Vulnerability Matching

When you upload an SBOM (Software Bill of Materials) to DevGuard, the system automatically scans all components to identify known vulnerabilities. This document explains how DevGuard’s vulnerability matching engine works.

Continuous Re-Scanning

DevGuard does not just scan your SBOM once. Every SBOM stored in DevGuard is automatically re-scanned whenever the vulnerability database is updated. This means:

• New vulnerabilities are detected retroactively — if a CVE is published for a dependency you already use, DevGuard will find it without requiring a new scan from your CI/CD pipeline.
• Fixed vulnerabilities are updated — when a vulnerability entry is corrected or withdrawn, your results are updated accordingly.
• No action required — re-scanning happens server-side. As long as your SBOM is stored in DevGuard, it stays current against the latest threat intelligence.

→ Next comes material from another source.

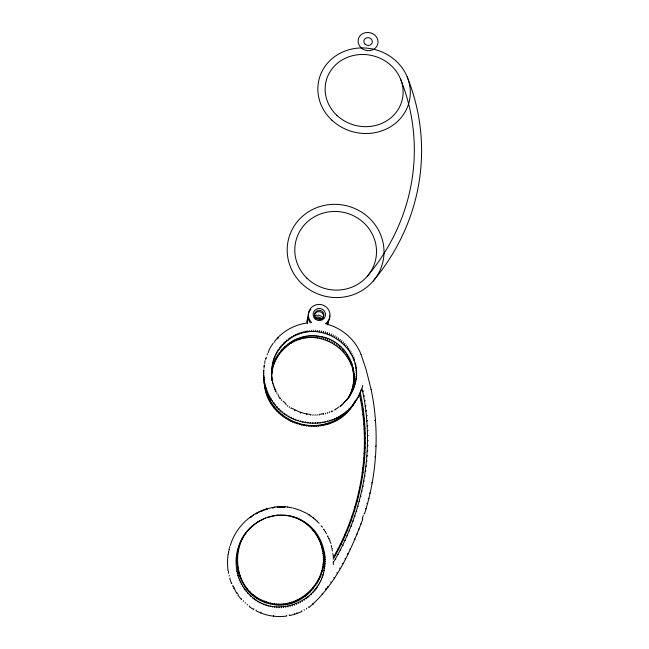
<?xml version="1.0" encoding="UTF-8"?>
<svg xmlns="http://www.w3.org/2000/svg" width="649" height="649" viewBox="0 0 649 649"><rect width="100%" height="100%" fill="white"/><g stroke="black" fill="none" stroke-linecap="round" stroke-linejoin="round"><path stroke-width="0.97" d="M271.68 380.476C268.654 354.451 294.443 330.852 320.135 336.474C347.012 340.222 363.237 373.629 349.016 396.896M271.566 372.721L271.574 373.808L272.726 362.434M254.311 524.53C228.659 543.091 232.91 590.038 264.338 601.128C295.701 614.798 330.933 581.277 322.188 549.151C319.057 533.949 307.245 520.766 292.172 516.677C286.931 515.241 297.169 517.837 298.289 518.819C301.493 520.279 304.511 522.129 307.261 524.327C313.394 529.235 318.107 535.855 320.857 543.213C334.113 574.13 303.724 612.551 270.414 603.886C236.536 597.413 225.698 549.541 251.058 527.386C253.524 524.871 257.069 522.559 259.649 520.896C256.355 522.769 253.224 524.927 250.53 527.605C244.592 533.324 240.235 540.625 237.94 548.543C233.218 564.403 237.51 582.713 249.362 594.395C273.383 620.663 320.768 602.58 324.33 568.102C327.137 552.056 320.955 534.622 308.097 524.465C301.834 519.516 294.184 516.101 286.185 515.42C283.889 515.201 282.145 515.063 279.808 515.152C278.08 515.225 273.132 515.679 277.942 515.136M360.284 392.75C372.421 448.646 362.183 508.581 333.829 558.083L333.221 557.686C361.298 508.67 371.447 449.311 359.432 393.967M272.515 607.131L272.515 606.434M272.523 604.308L272.523 603.424M272.969 383.015L273.359 385.36M272.718 368.583L273.237 365.176M272.718 363.602L273.253 360.43M273.562 385.019L274.008 387.331M273.237 366.653L273.854 363.262M273.253 361.615L273.894 358.459M273.943 407.402L273.959 406.315C268.572 399.297 265.141 390.812 264.175 382.026C266.058 426.718 330 442.967 353.153 404.757L352.375 405.852L356.439 399.289M355.66 401.22C338.226 429.411 293.137 430.611 273.983 403.678L273.992 402.802M274.251 386.991L275.89 391.793L275.914 390.836M273.846 364.754L274.559 361.379M273.878 359.651L274.616 356.52M274.738 342.388L274.754 341.066L278.023 337.431L277.983 338.778M273.983 403.678C266.634 394.146 262.894 381.888 263.827 369.873M264.005 377.028L264.062 380.979L263.892 377.239L263.981 378.838M274.543 362.896L275.363 359.538M274.608 357.729L275.444 354.622M275.014 389.903L275.03 388.929M363.829 513.87L364.535 513.838C377.158 473.77 379.681 430.482 371.098 389.327M333.075 562.902C364.113 510.901 375.341 447.031 361.882 387.802L362.556 386.82M275.338 361.071L276.255 357.737M275.427 355.847L276.36 352.772M275.452 409.268L275.476 408.197L273.959 406.315M275.541 405.601L275.565 404.749M270.333 606.701L270.357 606.004M270.414 603.886L270.438 603.01M276.214 359.286L277.188 357.55L277.228 355.985M276.336 354.005L277.366 350.963M276.855 393.635L276.888 392.686M277.188 357.55L278.234 355.863L278.291 354.281M277.334 352.212L278.462 349.211M277.05 411.06L277.091 410.006L275.476 408.197M277.196 407.45L277.228 406.607M278.234 355.863L279.37 354.224L279.435 352.634M278.421 350.476L279.589 348.789L279.646 347.515M347.775 398.656C380.444 353.259 312.915 304.73 279.589 348.789M347.256 399.784C374.814 355.928 309.451 312.745 279.37 354.224M280.587 352.65L280.66 351.044M280.847 347.166L280.903 345.876M268.183 606.158L268.215 605.46M268.329 603.359L268.37 602.491M279.062 397.172L277.95 394.495M281.869 351.141L281.958 349.519M282.177 345.601L282.242 344.311M278.737 412.772L278.794 411.734L277.091 410.006M278.94 409.219L278.989 408.391M271.623 375.09L272.718 367.123M283.232 349.689L283.337 348.051M283.581 344.108L283.662 342.802M280.352 397.942L280.287 398.851L279.468 397.732M284.66 348.31L284.781 346.663M285.057 342.688L285.146 341.374M280.506 414.395L280.587 413.372L278.794 411.734M280.774 410.898L280.83 410.079M281.601 400.474L281.674 399.581M266.058 605.501L266.114 604.811M266.277 602.726L266.341 601.866M286.16 347.004L286.29 345.341M286.598 341.342L286.704 340.011M362.629 386.406L362.718 385.376M287.718 345.771L287.864 344.1M288.213 340.068L288.326 338.737M282.356 415.936L282.453 414.922L280.587 413.372M282.68 412.488L282.761 411.685M289.332 344.619L289.495 342.932M289.884 338.875L290.006 337.537M263.973 604.738L264.046 604.057M264.257 601.988L264.338 601.128M291.003 343.54L291.182 341.845M291.604 337.772L291.75 336.417M263.973 368.251L264.427 365.03M292.723 342.55L292.918 340.847M293.38 336.75L293.535 335.387M284.286 417.38L284.4 416.382L282.453 414.922M284.676 413.981L284.765 413.186M227.977 554.473L227.41 562.578L227.994 570.666M286.014 404.935L286.112 404.067L283.078 401.147M294.492 341.642L294.703 339.93M295.206 335.809L295.376 334.446M286.639 615.284L286.753 616.055C278.032 617.272 269.019 616.217 260.825 612.981L260.922 612.226M261.928 603.87L262.018 603.189M262.269 601.144L262.383 600.301M296.301 340.822L296.528 339.103M297.08 334.965L297.258 333.594M287.621 406.266L287.734 405.414M286.274 418.727L286.412 417.745L284.4 416.382M286.736 415.376L286.842 414.589M298.151 340.084L298.394 338.364M298.986 334.211L299.181 332.84M289.3 407.523L289.422 406.68M259.933 602.897L260.03 602.223M260.338 600.203L260.46 599.368M300.025 339.443L300.292 337.715M300.925 333.554L301.136 332.174M288.334 419.976L288.489 419.011L286.412 417.745M288.862 416.666L288.983 415.895M301.939 338.9L302.223 337.164M302.905 332.986L303.124 331.598M228.326 554.189L228.773 551.536L228.424 551.804M291.036 408.7L291.174 407.864L298.694 411.693L304.754 413.559L311.017 414.516L310.733 415.303M303.87 338.437L304.17 336.701M304.9 332.515L305.144 331.128M257.986 601.818L258.099 601.161M258.448 599.157L258.594 598.329M256.16 610.052L256.022 610.782L260.825 612.981M290.452 421.128L290.63 420.163L288.489 419.011M291.052 417.851L291.19 417.088M305.825 338.08L306.15 336.336M306.92 332.142L307.172 330.755M268.134 508.459L274.86 507.031M307.796 337.813L308.137 336.068M308.956 331.866L309.224 330.479M256.087 600.641L256.225 599.992M256.623 598.021L256.785 597.21M294.67 410.785L294.841 409.965M309.776 337.642L310.133 335.898M311.001 331.696L311.285 330.3M292.626 422.166L292.829 421.217L290.63 420.163M293.299 418.93L293.453 418.167M253.864 608.778L253.71 609.508L251.463 608.105L249.289 606.596L249.476 605.89M228.959 550.668L229.34 548.916L228.992 549.159M311.763 337.561L312.145 335.817M313.053 331.615L313.353 330.219M264.727 363.432L265.019 360.657M313.751 337.585L314.148 335.841M315.106 331.639L315.422 330.244M254.262 599.368L254.408 598.727M254.846 596.788L255.033 595.985M294.849 423.099L295.068 422.158L292.829 421.217M295.595 419.895L295.774 419.14M315.738 337.699L316.152 335.955M317.15 331.753L317.483 330.365M333.237 564.654L333.497 563.624M317.718 337.91L318.148 336.166M319.194 331.972L319.543 330.584M252.493 598.005L252.656 597.372M253.134 595.466L253.337 594.679M297.12 423.927L297.356 422.994L295.068 422.158M297.94 420.747L298.134 420M319.681 338.218L320.135 336.474M321.223 332.288L321.588 330.901M229.568 548.048L229.689 546.547M300.471 413.218L300.682 412.415M321.628 338.616L322.099 336.88M323.234 332.702L323.616 331.323M250.798 596.553L250.968 595.928M251.496 594.062L251.707 593.283M323.551 339.111L324.046 337.383M325.23 333.213L325.62 331.834M299.424 424.633L299.684 423.708C318.383 429.216 339.954 422.256 351.734 406.688L350.971 407.767M300.325 421.477L300.536 420.739M247.196 604.973L247.399 604.284M325.457 339.695L325.96 337.975M327.185 333.821L327.599 332.442M249.175 595.003L249.362 594.395M249.922 592.569L250.157 591.807M327.323 340.368L327.85 338.656M329.124 334.519L329.538 333.148M301.761 425.233L302.045 424.308M302.734 422.093L302.969 421.363M230.298 545.468C235.425 528.01 249.954 513.586 267.266 508.597M329.157 341.139L329.7 339.427M331.014 335.306L331.452 333.943M265.96 358.71L266.463 357.169M245.184 603.237L245.403 602.564M306.571 414.776L306.831 413.981M362.45 518.113L363.278 515.574M330.958 341.991L331.517 340.287M332.872 336.19L333.318 334.827M247.626 593.381L247.829 592.788M248.421 590.996L248.672 590.249M304.121 425.712L304.43 424.795M305.176 422.588L305.428 421.858M332.71 342.932L333.286 341.236M334.681 337.156L335.144 335.809M267.258 517.342L273.61 515.695M355.035 402.104L358.775 395.793L361.525 389.019M308.632 606.823L308.916 607.529C335.663 584.96 350.72 551.115 362.864 518.973L362.174 518.965M334.413 343.954L335.006 342.266M336.442 338.21L336.92 336.872M243.253 601.404L243.489 600.747M246.166 591.677L246.377 591.101M247.009 589.349L247.269 588.619M336.068 345.049L336.677 343.378M338.153 339.354L338.64 338.015M306.506 426.077L306.839 425.16M307.642 422.97L307.91 422.239M337.667 346.233L338.291 344.57M339.8 340.571L340.303 339.24M241.671 598.832L241.42 599.473L238.053 595.344L238.329 594.727M339.2 347.491L339.841 345.844M341.39 341.869L341.901 340.547M244.787 589.9L245.006 589.333M245.671 587.629L245.947 586.915M312.826 415.417L313.134 414.63M308.9 426.32L309.257 425.411M310.125 423.221L310.409 422.499M340.676 348.821L341.333 347.183M342.915 343.24L343.443 341.934M277.237 507.242L284.635 507.218M274.843 507.12L277.431 506.772M314.919 415.425L315.244 414.638M342.088 350.217L342.761 348.594M344.376 344.684L344.911 343.386M243.489 588.059L243.724 587.507M244.422 585.836L244.714 585.155M311.309 426.442L311.69 425.541M312.607 423.351L312.915 422.629M343.426 351.685L344.116 350.079M345.763 346.193L346.306 344.911M317.012 415.328L317.353 414.549M344.7 353.21L345.39 351.62M347.069 347.775L347.629 346.501M313.718 426.45L314.124 425.549M315.098 423.359L315.422 422.637M345.893 354.8L346.598 353.218M348.302 349.413L348.87 348.148M242.296 586.144L242.531 585.609M243.261 583.995L243.562 583.321M319.097 415.133L319.454 414.346L323.608 413.64L323.226 414.435M347.004 356.447L347.718 354.881M349.454 351.109L350.03 349.86M348.034 358.143L348.764 356.593M350.517 352.861L351.101 351.62M316.12 426.344L316.55 425.436M317.588 423.245L317.929 422.523M241.185 584.173L241.436 583.654M242.191 582.08L242.499 581.431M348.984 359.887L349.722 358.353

This is a key advantage of server-side matching over client-side scanners: your security posture is continuously evaluated, not just at the point of scanning.

Overview

The matching process consists of several steps:

1. SBOM Parsing: The uploaded SBOM (CycloneDX format) is parsed into a graph structure
2. Component Extraction: Each component with a Package URL (PURL) is extracted
3. Database Query: Components are matched against DevGuard’s vulnerability database
4. Version Comparison: Version ranges are evaluated to determine if a component is affected
5. Result Aggregation: Matched vulnerabilities are collected and deduplicated

The Matching Pipeline

Step 1: SBOM Scanner

The sbomScanner iterates through all components in the SBOM graph. For each component that has a valid Package URL (PURL), it queries the vulnerability database:

SBOM Graph → Component Extraction → PURL Parsing → Vulnerability Lookup

Components without a PURL are skipped since they cannot be matched against the database.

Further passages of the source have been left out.